Each named insured purchasing uninsured or underinsured motorist coverage for more than one vehicle under a policy shall be provided the opportunity to waive the stacked limits of coverage and instead purchase coverage as described in subsection (b).

75 Pa.C.S.A. § 1738(c) (emphasis added). Critically, the phrase “each named insured” is modified by the word “purchasing.” See id. The word “purchasing” is defined as “to obtain for money or by paying a price; buy[.]” Webster’s New World College Dictionary, 1181 (5th ed. 2020). Thus, the plain language of Section 1738(c) only requires notice to the named insured who purchased the policy, who is the first named insured referenced in Section 1738(d) and (e).

This case arose from a 2019 motor vehicle accident in which Valerie Golik was injured. Erie Insurance Exchange, Mrs. Golik’s auto insurer, denied her request for stacked limits of coverage in light of a stacking waiver executed by her husband, Mark Golik, in 2004. Mrs. Golik had been added to her husband’s policy after their marriage in 2000 and testified that “she never signed or heard about the stacking waivers.”

Mrs. Golik filed a declaratory judgment action alleging that Erie “failed its statutory obligation to present her with the opportunity to stack limits of [UM] and underinsured motorist coverage [UIM.]” The trial court entered judgment in favor of Mrs.

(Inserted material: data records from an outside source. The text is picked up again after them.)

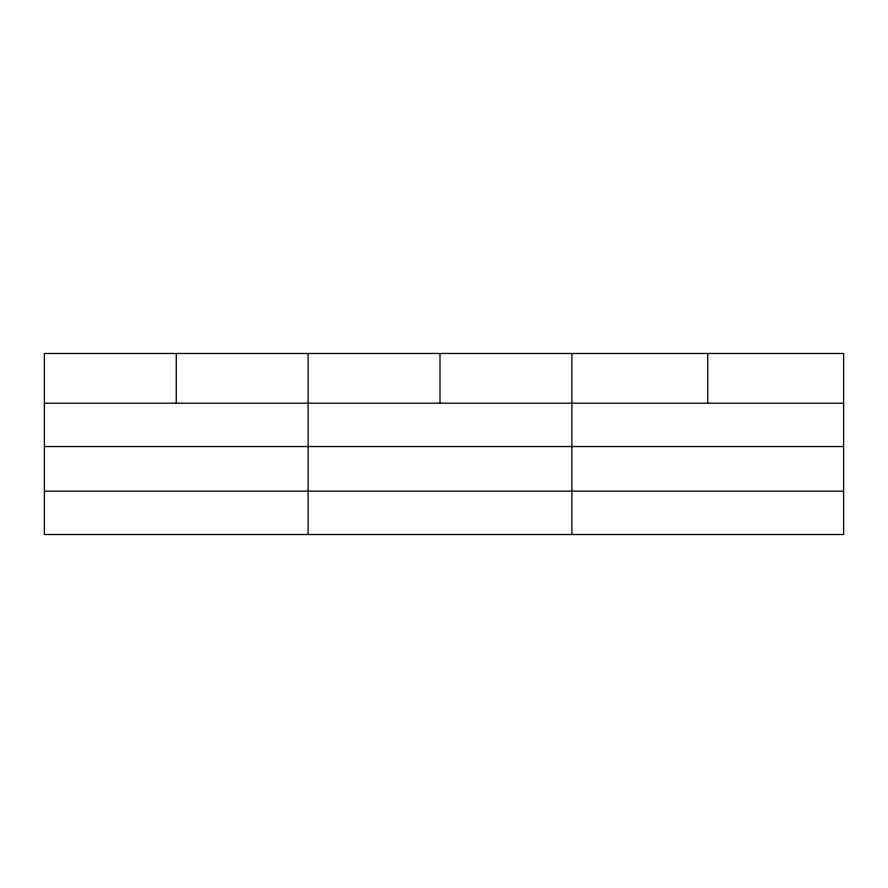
<?xml version="1.0" encoding="UTF-8"?>
<svg xmlns="http://www.w3.org/2000/svg" width="888" height="888" viewBox="0 0 888 888"><rect width="100%" height="100%" fill="white"/><g stroke="black" fill="none" stroke-linecap="round" stroke-linejoin="round"><path stroke-width="1.33" d="M843.6 446.542L843.6 353.48L44.4 353.48L44.4 534.521L843.6 534.521L843.6 446.542L44.4 446.542M44.4 403.219L843.6 403.219M44.4 491.186L843.6 491.186M707.736 353.48L707.736 403.219M571.872 353.48L571.872 534.521M440.004 353.48L440.004 403.219M308.136 353.48L308.136 534.521M176.268 353.48L176.268 403.219"/></g></svg>
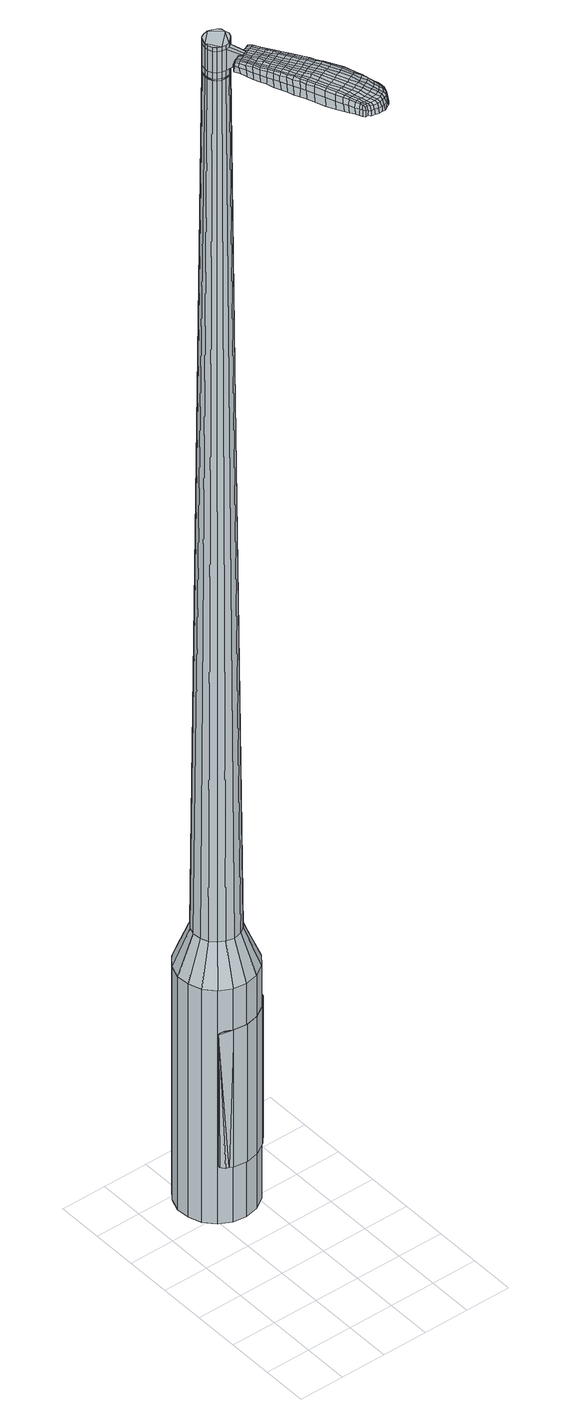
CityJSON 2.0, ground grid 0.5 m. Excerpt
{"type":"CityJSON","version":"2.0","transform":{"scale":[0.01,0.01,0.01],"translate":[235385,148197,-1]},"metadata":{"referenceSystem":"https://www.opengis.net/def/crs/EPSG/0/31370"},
"CityObjects":{
"object1":{"type":"GenericCityObject","attributes":{"cluster":196,"mean_distance_to_centroid":0.188,"new_centroid_x":235385.72,"new_centroid_y":148199.26,"mean_distance_to_camera":14.6,"H1":9.06,"H2":9.23,"Z_final":115.4,"cluster2":-1,"proj_x":235383.11,"proj_y":148200.32,"id_line":90629,"bearing_l":202,"distance":2.81,"orientation":"left","G_obj":292},"geometry":[{"type":"MultiSurface","lod":"2","boundaries":[[[0,1,2,3]],[[1,4,5,2]],[[4,6,7,5]],[[6,8,9,7]],[[8,10,11,9]],[[10,12,13,11]],[[12,14,15,13]],[[14,16,17,15]],[[16,18,19,17]],[[18,20,21,19]],[[20,22,23,21]],[[22,24,25,23]],[[24,26,27,25]],[[26,28,29,27]],[[28,30,31,29]],[[30,32,33,31]],[[32,34,35,33]],[[34,0,3,35]],[[36,37,38,39]],[[38,40,41,42]],[[41,43,42]],[[42,44,45,46]],[[45,47,46]],[[46,48,49,50]],[[49,51,50]],[[42,46,50,38]],[[50,52,39,38]],[[53,36,39]],[[2,5,7,35]],[[7,9,11,15]],[[11,13,15]],[[15,17,19,23]],[[19,21,23]],[[23,25,27,31]],[[27,29,31]],[[15,23,31,7]],[[31,33,35,7]],[[3,2,35]],[[1,0,54,55]],[[0,34,56,54]],[[34,32,57,56]],[[32,30,58,57]],[[30,28,59,58]],[[28,26,60,59]],[[26,24,61,60]],[[24,22,62,61]],[[22,20,63,62]],[[20,18,64,63]],[[18,16,65,64]],[[16,14,66,65]],[[14,12,67,66]],[[12,10,68,67]],[[10,8,69,68]],[[8,6,70,69]],[[6,4,71,70]],[[4,1,55,71]],[[55,54,72,73]],[[54,56,74,72]],[[56,57,75,74]],[[57,58,76,75]],[[58,59,77,76]],[[59,60,78,77]],[[60,61,79,78]],[[61,62,80,79]],[[62,63,81,80]],[[63,64,82,81]],[[64,65,83,82]],[[65,66,84,83]],[[66,67,85,84]],[[67,68,86,85]],[[68,69,87,86]],[[69,70,88,87]],[[70,71,89,88]],[[71,55,73,89]],[[90,91,92,93]],[[74,94,91,90]],[[95,96,94,74]],[[97,98,96,95]],[[77,99,98,97]],[[100,101,99,77]],[[102,103,101,100]],[[80,104,103,102]],[[105,106,104,80]],[[107,108,106,105]],[[109,110,108,107]],[[111,112,110,109]],[[113,114,112,111]],[[115,116,114,113]],[[117,118,116,115]],[[88,119,118,117]],[[89,120,119,88]],[[93,92,120,89]],[[121,122,123,124]],[[125,121,124,126]],[[127,125,126,128]],[[129,127,128,130]],[[131,129,130,132]],[[133,131,132,134]],[[135,133,134,136]],[[137,135,136,138]],[[139,137,138,140]],[[141,139,140,142]],[[143,141,142,144]],[[145,143,144,146]],[[147,145,146,148]],[[149,147,148,150]],[[151,149,150,152]],[[153,151,152,154]],[[73,72,90,93]],[[72,74,90]],[[75,95,74]],[[75,76,97,95]],[[76,77,97]],[[78,100,77]],[[78,79,102,100]],[[79,80,102]],[[81,105,80]],[[81,82,107,105]],[[82,83,109,107]],[[83,84,111,109]],[[84,85,113,111]],[[85,86,115,113]],[[86,87,117,115]],[[87,88,117]],[[73,93,89]],[[155,156,92,91]],[[156,120,92]],[[157,118,119]],[[157,158,116,118]],[[158,159,114,116]],[[159,160,112,114]],[[160,161,110,112]],[[161,162,108,110]],[[162,163,106,108]],[[163,104,106]],[[164,103,104]],[[164,165,101,103]],[[165,99,101]],[[166,98,99]],[[166,167,96,98]],[[167,94,96]],[[155,91,94]],[[39,52,153,168]],[[156,155,169,154]],[[53,39,168,122]],[[155,94,123,169]],[[36,53,122,121]],[[94,167,124,123]],[[37,36,121,125]],[[167,166,126,124]],[[38,37,125,127]],[[166,99,128,126]],[[40,38,127,129]],[[99,165,130,128]],[[41,40,129,131]],[[165,164,132,130]],[[43,41,131,133]],[[164,104,134,132]],[[42,43,133,135]],[[104,163,136,134]],[[44,42,135,137]],[[163,162,138,136]],[[45,44,137,139]],[[162,161,140,138]],[[47,45,139,141]],[[161,160,142,140]],[[46,47,141,143]],[[160,159,144,142]],[[48,46,143,145]],[[159,158,146,144]],[[49,48,145,147]],[[158,157,148,146]],[[51,49,147,149]],[[157,119,150,148]],[[50,51,149,151]],[[119,120,152,150]],[[52,50,151,153]],[[120,156,154,152]],[[153,154,170,171]],[[154,169,172,170]],[[169,123,173,172]],[[123,122,174,173]],[[122,168,175,174]],[[168,153,171,175]],[[176,177,178,179]],[[180,176,179,181]],[[176,180,182,183]],[[177,176,183,184]],[[185,186,187,188]],[[189,185,188,190]],[[185,189,191,192]],[[186,185,192,193]],[[194,195,196,197]],[[198,194,197,199]],[[194,198,200,201]],[[195,194,201,202]],[[203,204,205,206]],[[207,203,206,208]],[[203,207,209,210]],[[204,203,210,211]],[[212,213,214,215]],[[216,212,215,217]],[[212,216,218,219]],[[213,212,219,220]],[[221,222,223,224]],[[225,221,224,226]],[[221,225,227,228]],[[222,221,228,229]],[[230,231,232,233]],[[222,230,233,223]],[[230,222,229,234]],[[231,230,234,235]],[[236,237,238,239]],[[231,236,239,232]],[[236,231,235,240]],[[237,236,240,241]],[[242,180,181,243]],[[237,242,243,238]],[[242,237,241,244]],[[180,242,244,182]],[[245,246,247,248]],[[249,245,248,250]],[[245,249,251,252]],[[246,245,252,253]],[[254,255,256,257]],[[246,254,257,247]],[[254,246,253,258]],[[255,254,258,259]],[[260,261,262,263]],[[255,260,263,256]],[[260,255,259,264]],[[261,260,264,265]],[[266,267,268,269]],[[261,266,269,262]],[[266,261,265,270]],[[267,266,270,271]],[[272,177,184,273]],[[267,272,273,268]],[[272,267,271,274]],[[177,272,274,178]],[[275,276,277,278]],[[279,275,278,280]],[[275,279,281,282]],[[276,275,282,283]],[[284,285,286,287]],[[276,284,287,277]],[[284,276,283,288]],[[285,284,288,289]],[[290,291,292,293]],[[285,290,293,286]],[[290,285,289,294]],[[291,290,294,295]],[[296,189,190,297]],[[291,296,297,292]],[[296,291,295,298]],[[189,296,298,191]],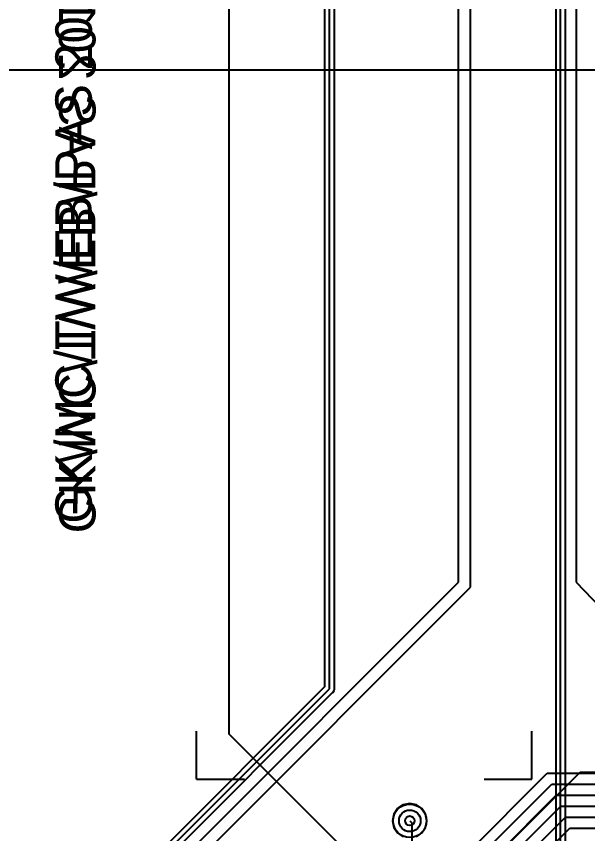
# Model space of a CAD drawing. Extents: x 28 to 300, y 18 to 330.
# Drawn here: x 126.24 to 138.16, y 128.86 to 145.92 of the extents above; entities that cross this region are included whole.
import ezdxf

# ---------------------------------------------------------------- set-up
doc = ezdxf.new("R2010")
doc.units = 0
for name, color, linetype in [('BOTTOMLAYER', 5, 'CONTINUOUS'), ('BOTTOMOVERLAY', 54, 'CONTINUOUS'), ('DRILLDRAWING', 1, 'CONTINUOUS'), ('INTERNALPLANE1', 76, 'CONTINUOUS'), ('MECHANICAL8', 56, 'CONTINUOUS'), ('MIDLAYER1', 16, 'CONTINUOUS'), ('MIDLAYER3', 90, 'CONTINUOUS'), ('MULTILAYER', 9, 'CONTINUOUS'), ('TOPLAYER', 1, 'CONTINUOUS'), ('VIAHOLELAYER', 16, 'CONTINUOUS')]:
    doc.layers.add(name, color=color, linetype=linetype)

msp = doc.modelspace()

# ---------------------------------------------------------------- linework, layer by layer
at = {"layer": 'BOTTOMLAYER'}
for p, q in [((136.482, 128.621), (138.006, 130.145)), ((138.006, 130.145), (142.959, 130.145)), ((134.45, 129.129), (134.499, 129.079)), ((134.499, 127.63), (134.499, 129.079))]:
    msp.add_line(p, q, dxfattribs=at)
msp.add_circle((134.45, 129.129), 0.225, dxfattribs=at)
at = {"layer": 'BOTTOMOVERLAY'}
for p, q in [((130, 130), (130, 131)), ((137, 130), (137, 131)), ((130, 130), (131, 130)), ((136, 130), (137, 130))]:
    msp.add_line(p, q, dxfattribs=at)
at = {"layer": 'DRILLDRAWING'}
msp.add_circle((134.45, 129.129), 0.1, dxfattribs=at)
at = {"layer": 'INTERNALPLANE1'}
for p, q in [((132.67, 182.773), (132.67, 131.925)), ((132.773, 131.884), (132.773, 182.773)), ((132.877, 131.884), (132.877, 182.73)), ((137.496, 178.701), (137.496, 127.893)), ((137.599, 127.85), (137.599, 178.701)), ((137.703, 127.85), (137.703, 178.658)), ((132.67, 131.925), (111.594, 110.849)), ((111.666, 110.777), (132.773, 131.884)), ((132.869, 131.845), (132.877, 131.884)), ((111.775, 110.742), (132.84, 131.807)), ((132.84, 131.807), (132.847, 131.811)), ((132.847, 131.811), (132.869, 131.845))]:
    msp.add_line(p, q, dxfattribs=at)
msp.add_circle((134.45, 129.129), 0.35, dxfattribs=at)
at = {"layer": 'MECHANICAL8'}
msp.add_line((81.28, 144.8), (160.025, 144.8), dxfattribs=at)
at = {"layer": 'MIDLAYER1'}
for p, q in [((135.466, 134.107), (135.466, 184.25)), ((135.72, 134.002), (135.72, 184.145)), ((127.338, 125.979), (135.466, 134.107)), ((127.443, 125.725), (135.72, 134.002)), ((126.802, 119.605), (137.319, 130.121)), ((137.319, 130.121), (143.946, 130.121)), ((127.03, 119.51), (137.413, 129.893)), ((137.413, 129.893), (143.851, 129.893)), ((127.259, 119.415), (137.508, 129.664)), ((137.508, 129.664), (143.757, 129.664)), ((127.488, 119.32), (137.603, 129.436)), ((137.603, 129.436), (143.662, 129.436)), ((127.716, 119.226), (137.698, 129.207)), ((137.698, 129.207), (143.567, 129.207)), ((134.892, 126.078), (137.792, 128.978)), ((137.792, 128.978), (143.411, 128.978))]:
    msp.add_line(p, q, dxfattribs=at)
msp.add_circle((134.45, 129.129), 0.225, dxfattribs=at)
at = {"layer": 'MIDLAYER3'}
for p, q in [((130.683, 130.937), (130.683, 194.488)), ((137.922, 194.488), (137.922, 134.112)), ((137.922, 134.112), (140.335, 131.572)), ((133.129, 128.491), (130.683, 130.937)), ((134.45, 129.487), (134.312, 129.46)), ((134.587, 129.46), (134.45, 129.487)), ((134.196, 129.382), (134.118, 129.266)), ((134.312, 129.46), (134.196, 129.382)), ((134.704, 129.382), (134.587, 129.46)), ((134.781, 129.266), (134.704, 129.382)), ((134.118, 129.266), (134.091, 129.129)), ((134.091, 129.129), (134.118, 128.991)), ((134.809, 129.129), (134.781, 129.266)), ((134.781, 128.991), (134.809, 129.129)), ((134.118, 128.991), (134.196, 128.875)), ((134.704, 128.875), (134.781, 128.991)), ((134.196, 128.875), (134.312, 128.797)), ((134.587, 128.797), (134.704, 128.875))]:
    msp.add_line(p, q, dxfattribs=at)
msp.add_circle((134.45, 129.129), 0.225, dxfattribs=at)
at = {"layer": 'MULTILAYER'}
msp.add_circle((134.45, 129.129), 0.225, dxfattribs=at)
at = {"layer": 'TOPLAYER'}
msp.add_circle((134.45, 129.129), 0.225, dxfattribs=at)
at = {"layer": 'VIAHOLELAYER'}
msp.add_circle((134.45, 129.129), 0.1, dxfattribs=at)

# ---------------------------------------------------------------- texts
at = {"layer": 'BOTTOMLAYER', "text_generation_flag": 2}
msp.add_text('GK/MC/TW/EB/PAS 2011', height=0.762, rotation=270, dxfattribs=at).set_placement((127.127, 135.128))
at = {"layer": 'TOPLAYER'}
msp.add_text('GK/MC/TW/EB/PAS 2011', height=0.762, rotation=90, dxfattribs=at).set_placement((127.813, 135.331))

doc.saveas('drawing.dxf')

Golik.

On appeal, the Superior Court vacated the trial court’s judgment and remanded to the trial court for entry of judgment for Erie. In addition to Section 1738(c)’s plain language, the Superior Court was persuaded by prior cases suggesting that “a named insured, even when subsequently added to a policy, is presumed to have known about available options and is bound by the first named insured’s election of lesser coverage, unless the insured takes an affirmative step to change the coverage.”